# Turkey loads



## Minnowhead

I’ve officially used up the last of my Winchester Supremes. By far my favorite turkey load. 
So now I’m seeing Winchester doesn’t market them anymore. They’ve introduced Longbeards. I’m guessing these are the same only new name and box? 
My buddy switched over to the Hevi-Shot Magblends. But I’m not convinced I want to spend the money on those for just 5 shells.


----------



## Eye Dr

i Shoot the longbeards out of my 12 and 20 guages. Best patterns I’ve ever had. Try them. I think you will see a big difference over the supreme’s in not only tighter patterns, but distance too.


----------



## lawrence1

Best patterns I've ever had too! I patterned two Hastings choke tubes, .665 and .655, #5's patterned best for me out of the .665
Previously used Supremes and before that Federals. Shot birds from 5yds to 43yds. You always have the close shot with any load but not vice versa. Yes we'd all like them in our lap but that's just not the reality.
Also of importance is a precise aiming point. I use fiber optic rifle type sights.


https://www.nwtf.org/about/state-news/records-fall-champions-crowned-still-target-championship


----------



## fireline

I have been shooting the Winchester Supremes for a long time, I find them at gun shows from time to time for $8-$10 a box and have several year supply.


----------



## M.Magis

Supremes have been my favorite since they came out. I just bought a new box 2 weeks ago, the gun shop had a full selection, along with Longbeards. I don’t think Supremes been discontinued.


----------



## Minnowhead

Winchester Supreme High Velocity are the shot shells with the black hulls. The Winchester Supremes Double XX are the red hulls and are still available.


----------



## M.Magis

These are the Supreme HV, same ones I’ve shot for 15+ years. 
A quick search online shows them available on most websites that sell ammo.


----------



## Redheads

Minnowhead said:


> I’ve officially used up the last of my Winchester Supremes. By far my favorite turkey load.
> So now I’m seeing Winchester doesn’t market them anymore. They’ve introduced Longbeards. I’m guessing these are the same only new name and box?
> My buddy switched over to the Hevi-Shot Magblends.

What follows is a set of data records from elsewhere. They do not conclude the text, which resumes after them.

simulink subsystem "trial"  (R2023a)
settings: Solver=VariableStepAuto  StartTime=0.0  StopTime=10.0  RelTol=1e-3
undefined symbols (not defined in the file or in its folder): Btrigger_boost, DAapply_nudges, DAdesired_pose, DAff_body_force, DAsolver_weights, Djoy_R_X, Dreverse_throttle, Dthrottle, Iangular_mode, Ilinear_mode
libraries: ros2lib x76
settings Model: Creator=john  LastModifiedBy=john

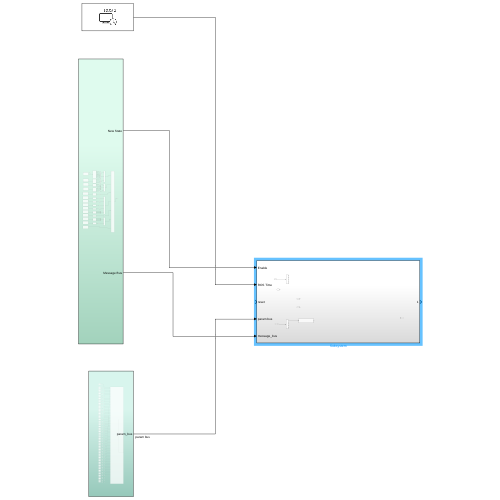
[thumbnail: Simulink's stored preview of the top-level diagram]
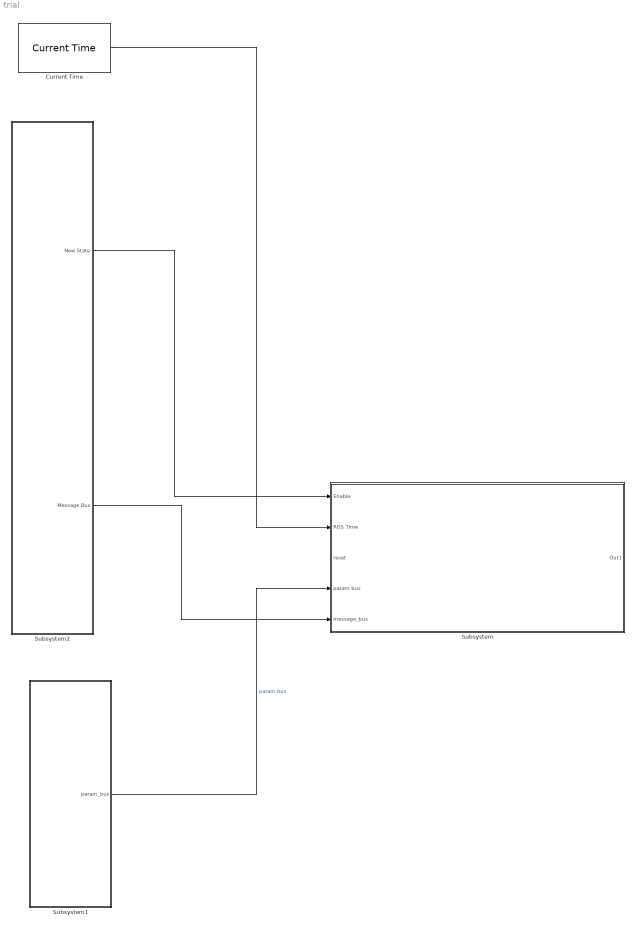
== system trial ==
  Current Time : ros2lib/Current Time  OutputFormat=double  SampleTime=-1  ModelName=complete_controller
  Subsystem : Subsystem
  Subsystem1 : Subsystem
  Subsystem2 : Subsystem
  wires:
  Subsystem2/2(Message Bus) -> Subsystem/5(message_bus)
  Subsystem1/1(param_bus) -> Subsystem/4(param bus)  "param bus"
  Current Time/1 -> Subsystem/2(ROS Time)
  Subsystem2/1(New State) -> Subsystem/1(Enable)

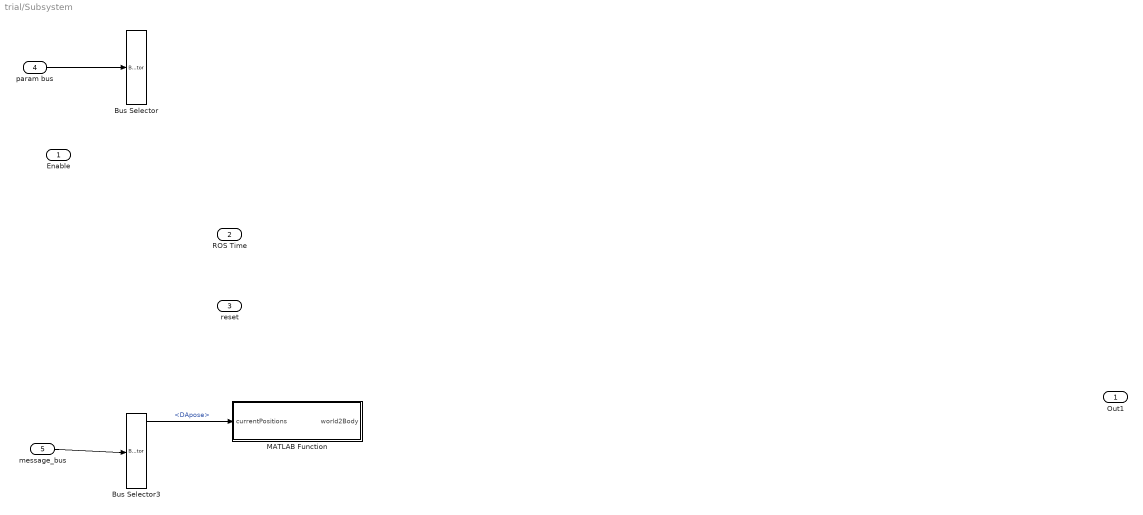
== system trial/Subsystem ==
  Enable : Inport
  ROS Time : Inport  Port=2
  reset : Inport  Port=3
  param bus : Inport  Port=4
  message_bus : Inport  Port=5
  Bus Selector : BusSelector  OutputSignals=DAmax_control,DAp_gains,DAd_gains,DAi_gains,Dreset_threshold
  Bus Selector3 : BusSelector  OutputSignals=current_state.DApose,current_state.DAtwist,desired_pose.DAdesired_pose,Bmotion_enabled
  MATLAB Function : MATLAB Function  TreatAsAtomicUnit=on
  Out1 : Outport
  wires:
  param bus/1 -> Bus Selector/1
  message_bus/1 -> Bus Selector3/1
  Bus Selector3/1 -> MATLAB Function/1(currentPositions)  "<DApose>"

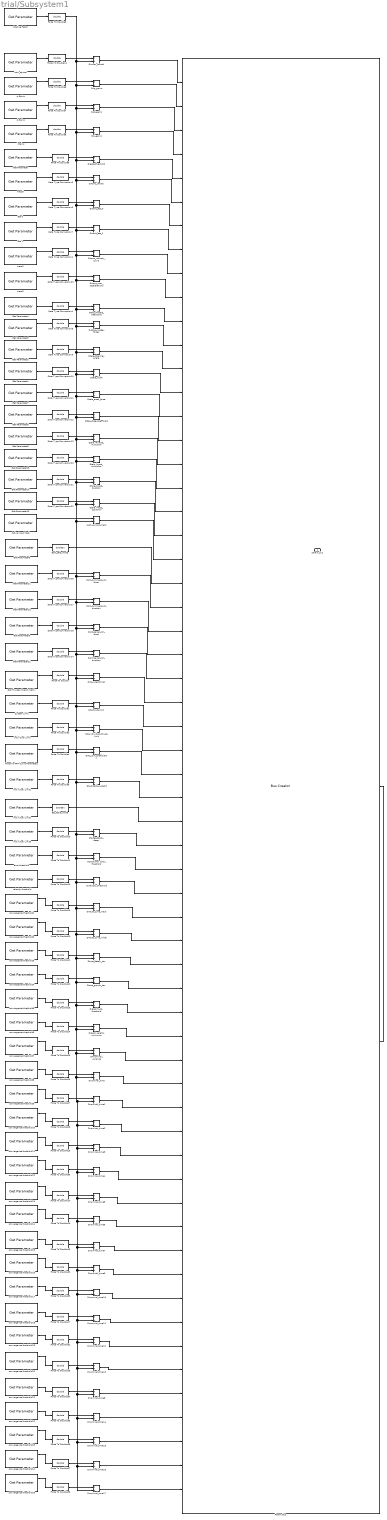
== system trial/Subsystem1 ==
  Active Input Mask : ros2lib/Get Parameter  ParameterName=controller__active_force_mask  ParameterType=int64[]  ParameterMaxArrayLength=6  ParameterInitialValue=[0,0,0,0,0,0]  SampleTime=-1  ModelName=complete_controller  BlockId=ParamGet_complete_controller_223
  Bsnt_safe_mode : DataTypeConversion  OutDataTypeStr=boolean  SaturateOnIntegerOverflow=off  RndMeth=Floor
  Bts_table_mode : DataTypeConversion  OutDataTypeStr=boolean  SaturateOnIntegerOverflow=off  RndMeth=Floor
  DAauto_tune_initial : Product  Inputs=*/
  DAauto_tune_mask : Product  Inputs=*/
  DAd_gains : Product  Inputs=*/
  DAi_gains : Product  Inputs=*/
  DAmax_control : Product  Inputs=*/
  DAnominal_variance : Product  Inputs=*/
  DAp_gains : Product  Inputs=*/
  DAsmc_eta_0 : Product  Inputs=*/
  DAsmc_eta_1 : Product  Inputs=*/
  DAsmc_lamda : Product  Inputs=*/
  DAsmc_max_accelerations : Product  Inputs=*/
  DAsmc_velocity_curve : Product  Inputs=*/
  DAtele_nudge_forces : Product  Inputs=*/
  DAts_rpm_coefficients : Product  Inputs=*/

But I’m not convinced I want to spend the money on those for just 5 shells.





Minnowhead said:


> Winchester Supreme High Velocity are the shot shells with the black hulls. The Winchester Supremes Double XX are the red hulls and are still available.


The double XX are not red hull or last year when i bought more they were not..still black.

The hevi shot blends do pattern well but i didnt see any difference between the other magblends at half the price for the double amount of shells (10).


----------



## Minnowhead

I’m leaning towards the Hevi-Shot now. Really like the reports of them on Oldgobbler.com


----------



## Carpn

I used to shoot the winchester HD shells and liked them alot . When they discontinued them I switched to the mag blends and they seem to kill every turkey I shoot at . 
Since I only use 2 a year , or possibly 4 a yr if I travel to KY to hunt I dontd mind spending money on shells . 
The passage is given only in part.